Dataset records
□ □ □ □ □ □ □
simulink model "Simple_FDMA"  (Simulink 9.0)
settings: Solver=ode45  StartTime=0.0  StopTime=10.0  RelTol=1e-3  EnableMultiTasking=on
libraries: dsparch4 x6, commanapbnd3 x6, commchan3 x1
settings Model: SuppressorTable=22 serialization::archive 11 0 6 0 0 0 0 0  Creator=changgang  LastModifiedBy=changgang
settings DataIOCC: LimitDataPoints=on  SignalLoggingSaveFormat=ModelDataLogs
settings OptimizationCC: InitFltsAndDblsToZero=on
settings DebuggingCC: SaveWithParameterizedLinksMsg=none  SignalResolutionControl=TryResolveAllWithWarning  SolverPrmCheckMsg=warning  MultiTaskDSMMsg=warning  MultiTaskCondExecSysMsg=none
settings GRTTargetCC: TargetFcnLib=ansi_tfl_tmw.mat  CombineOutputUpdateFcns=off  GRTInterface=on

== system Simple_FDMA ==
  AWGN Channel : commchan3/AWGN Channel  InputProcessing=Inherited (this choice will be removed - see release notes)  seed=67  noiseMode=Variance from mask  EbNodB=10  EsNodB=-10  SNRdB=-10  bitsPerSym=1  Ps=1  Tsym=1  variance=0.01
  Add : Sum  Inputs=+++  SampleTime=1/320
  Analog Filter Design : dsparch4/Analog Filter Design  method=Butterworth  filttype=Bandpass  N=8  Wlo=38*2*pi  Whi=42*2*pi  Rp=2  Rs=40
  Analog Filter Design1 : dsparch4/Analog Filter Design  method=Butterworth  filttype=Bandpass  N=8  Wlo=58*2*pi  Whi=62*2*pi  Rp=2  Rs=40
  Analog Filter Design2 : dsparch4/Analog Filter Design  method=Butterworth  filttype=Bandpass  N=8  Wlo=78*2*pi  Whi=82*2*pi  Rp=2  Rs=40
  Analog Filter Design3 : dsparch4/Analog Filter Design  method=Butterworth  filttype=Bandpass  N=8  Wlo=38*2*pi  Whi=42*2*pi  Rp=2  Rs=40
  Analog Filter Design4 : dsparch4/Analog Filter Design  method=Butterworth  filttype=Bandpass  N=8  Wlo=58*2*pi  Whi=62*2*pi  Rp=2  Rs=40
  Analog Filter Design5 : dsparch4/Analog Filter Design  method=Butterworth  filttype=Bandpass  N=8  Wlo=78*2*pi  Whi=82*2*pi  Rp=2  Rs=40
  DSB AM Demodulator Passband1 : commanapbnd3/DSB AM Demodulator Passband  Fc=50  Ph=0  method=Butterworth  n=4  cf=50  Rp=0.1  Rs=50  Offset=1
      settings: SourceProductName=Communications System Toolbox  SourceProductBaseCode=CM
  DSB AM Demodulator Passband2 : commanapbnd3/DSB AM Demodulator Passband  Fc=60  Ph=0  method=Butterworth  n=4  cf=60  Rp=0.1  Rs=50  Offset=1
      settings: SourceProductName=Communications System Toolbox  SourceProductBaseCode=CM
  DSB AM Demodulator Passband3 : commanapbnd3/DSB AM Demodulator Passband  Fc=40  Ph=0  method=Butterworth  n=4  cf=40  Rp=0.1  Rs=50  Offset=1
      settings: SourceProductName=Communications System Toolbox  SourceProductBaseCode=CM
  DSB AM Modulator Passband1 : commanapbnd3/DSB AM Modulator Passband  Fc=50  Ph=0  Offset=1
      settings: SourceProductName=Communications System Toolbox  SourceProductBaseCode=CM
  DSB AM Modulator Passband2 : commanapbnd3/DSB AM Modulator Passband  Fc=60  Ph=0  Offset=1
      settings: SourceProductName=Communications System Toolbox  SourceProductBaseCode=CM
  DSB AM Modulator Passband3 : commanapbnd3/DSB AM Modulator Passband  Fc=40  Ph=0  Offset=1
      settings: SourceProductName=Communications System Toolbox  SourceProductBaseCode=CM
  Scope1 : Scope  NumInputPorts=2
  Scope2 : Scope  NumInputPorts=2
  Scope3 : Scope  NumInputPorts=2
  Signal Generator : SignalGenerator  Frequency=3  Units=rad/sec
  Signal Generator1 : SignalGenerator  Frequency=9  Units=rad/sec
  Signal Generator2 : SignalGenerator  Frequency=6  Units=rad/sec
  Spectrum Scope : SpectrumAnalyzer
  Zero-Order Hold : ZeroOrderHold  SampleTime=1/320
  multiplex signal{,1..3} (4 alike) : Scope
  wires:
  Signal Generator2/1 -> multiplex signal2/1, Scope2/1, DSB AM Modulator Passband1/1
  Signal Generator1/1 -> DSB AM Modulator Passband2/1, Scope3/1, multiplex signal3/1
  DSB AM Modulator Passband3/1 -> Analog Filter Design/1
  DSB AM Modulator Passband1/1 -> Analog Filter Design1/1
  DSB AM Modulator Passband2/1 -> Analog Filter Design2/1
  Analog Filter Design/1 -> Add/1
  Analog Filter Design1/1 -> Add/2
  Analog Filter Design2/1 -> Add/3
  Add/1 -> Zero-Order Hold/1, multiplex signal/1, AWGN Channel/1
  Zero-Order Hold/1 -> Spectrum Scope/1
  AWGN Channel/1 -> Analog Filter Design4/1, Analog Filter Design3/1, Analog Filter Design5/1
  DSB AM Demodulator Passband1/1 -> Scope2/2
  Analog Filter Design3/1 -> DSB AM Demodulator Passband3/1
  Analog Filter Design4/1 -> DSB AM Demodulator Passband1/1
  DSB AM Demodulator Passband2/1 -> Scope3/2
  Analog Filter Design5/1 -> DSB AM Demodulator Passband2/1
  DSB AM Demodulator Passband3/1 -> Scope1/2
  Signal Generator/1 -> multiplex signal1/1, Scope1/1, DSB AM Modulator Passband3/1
□ □ □ □ □ □ □
Your task:
Each line above must be output exactly as it stands.

Solution to this problem:
simulink model "Simple_FDMA"  (Simulink 9.0)
settings: Solver=ode45  StartTime=0.0  StopTime=10.0  RelTol=1e-3  EnableMultiTasking=on
libraries: dsparch4 x6, commanapbnd3 x6, commchan3 x1
settings Model: SuppressorTable=22 serialization::archive 11 0 6 0 0 0 0 0  Creator=changgang  LastModifiedBy=changgang
settings DataIOCC: LimitDataPoints=on  SignalLoggingSaveFormat=ModelDataLogs
settings OptimizationCC: InitFltsAndDblsToZero=on
settings DebuggingCC: SaveWithParameterizedLinksMsg=none  SignalResolutionControl=TryResolveAllWithWarning  SolverPrmCheckMsg=warning  MultiTaskDSMMsg=warning  MultiTaskCondExecSysMsg=none
settings GRTTargetCC: TargetFcnLib=ansi_tfl_tmw.mat  CombineOutputUpdateFcns=off  GRTInterface=on

== system Simple_FDMA ==
  AWGN Channel : commchan3/AWGN Channel  InputProcessing=Inherited (this choice will be removed - see release notes)  seed=67  noiseMode=Variance from mask  EbNodB=10  EsNodB=-10  SNRdB=-10  bitsPerSym=1  Ps=1  Tsym=1  variance=0.01
  Add : Sum  Inputs=+++  SampleTime=1/320
  Analog Filter Design : dsparch4/Analog Filter Design  method=Butterworth  filttype=Bandpass  N=8  Wlo=38*2*pi  Whi=42*2*pi  Rp=2  Rs=40
  Analog Filter Design1 : dsparch4/Analog Filter Design  method=Butterworth  filttype=Bandpass  N=8  Wlo=58*2*pi  Whi=62*2*pi  Rp=2  Rs=40
  Analog Filter Design2 : dsparch4/Analog Filter Design  method=Butterworth  filttype=Bandpass  N=8  Wlo=78*2*pi  Whi=82*2*pi  Rp=2  Rs=40
  Analog Filter Design3 : dsparch4/Analog Filter Design  method=Butterworth  filttype=Bandpass  N=8  Wlo=38*2*pi  Whi=42*2*pi  Rp=2  Rs=40
  Analog Filter Design4 : dsparch4/Analog Filter Design  method=Butterworth  filttype=Bandpass  N=8  Wlo=58*2*pi  Whi=62*2*pi  Rp=2  Rs=40
  Analog Filter Design5 : dsparch4/Analog Filter Design  method=Butterworth  filttype=Bandpass  N=8  Wlo=78*2*pi  Whi=82*2*pi  Rp=2  Rs=40
  DSB AM Demodulator Passband1 : commanapbnd3/DSB AM Demodulator Passband  Fc=50  Ph=0  method=Butterworth  n=4  cf=50  Rp=0.1  Rs=50  Offset=1
      settings: SourceProductName=Communications System Toolbox  SourceProductBaseCode=CM
  DSB AM Demodulator Passband2 : commanapbnd3/DSB AM Demodulator Passband  Fc=60  Ph=0  method=Butterworth  n=4  cf=60  Rp=0.1  Rs=50  Offset=1
      settings: SourceProductName=Communications System Toolbox  SourceProductBaseCode=CM
  DSB AM Demodulator Passband3 : commanapbnd3/DSB AM Demodulator Passband  Fc=40  Ph=0  method=Butterworth  n=4  cf=40  Rp=0.1  Rs=50  Offset=1
      settings: SourceProductName=Communications System Toolbox  SourceProductBaseCode=CM
  DSB AM Modulator Passband1 : commanapbnd3/DSB AM Modulator Passband  Fc=50  Ph=0  Offset=1
      settings: SourceProductName=Communications System Toolbox  SourceProductBaseCode=CM
  DSB AM Modulator Passband2 : commanapbnd3/DSB AM Modulator Passband  Fc=60  Ph=0  Offset=1
      settings: SourceProductName=Communications System Toolbox  SourceProductBaseCode=CM
  DSB AM Modulator Passband3 : commanapbnd3/DSB AM Modulator Passband  Fc=40  Ph=0  Offset=1
      settings: SourceProductName=Communications System Toolbox  SourceProductBaseCode=CM
  Scope1 : Scope  NumInputPorts=2
  Scope2 : Scope  NumInputPorts=2
  Scope3 : Scope  NumInputPorts=2
  Signal Generator : SignalGenerator  Frequency=3  Units=rad/sec
  Signal Generator1 : SignalGenerator  Frequency=9  Units=rad/sec
  Signal Generator2 : SignalGenerator  Frequency=6  Units=rad/sec
  Spectrum Scope : SpectrumAnalyzer
  Zero-Order Hold : ZeroOrderHold  SampleTime=1/320
  multiplex signal{,1..3} (4 alike) : Scope
  wires:
  Signal Generator2/1 -> multiplex signal2/1, Scope2/1, DSB AM Modulator Passband1/1
  Signal Generator1/1 -> DSB AM Modulator Passband2/1, Scope3/1, multiplex signal3/1
  DSB AM Modulator Passband3/1 -> Analog Filter Design/1
  DSB AM Modulator Passband1/1 -> Analog Filter Design1/1
  DSB AM Modulator Passband2/1 -> Analog Filter Design2/1
  Analog Filter Design/1 -> Add/1
  Analog Filter Design1/1 -> Add/2
  Analog Filter Design2/1 -> Add/3
  Add/1 -> Zero-Order Hold/1, multiplex signal/1, AWGN Channel/1
  Zero-Order Hold/1 -> Spectrum Scope/1
  AWGN Channel/1 -> Analog Filter Design4/1, Analog Filter Design3/1, Analog Filter Design5/1
  DSB AM Demodulator Passband1/1 -> Scope2/2
  Analog Filter Design3/1 -> DSB AM Demodulator Passband3/1
  Analog Filter Design4/1 -> DSB AM Demodulator Passband1/1
  DSB AM Demodulator Passband2/1 -> Scope3/2
  Analog Filter Design5/1 -> DSB AM Demodulator Passband2/1
  DSB AM Demodulator Passband3/1 -> Scope1/2
  Signal Generator/1 -> multiplex signal1/1, Scope1/1, DSB AM Modulator Passband3/1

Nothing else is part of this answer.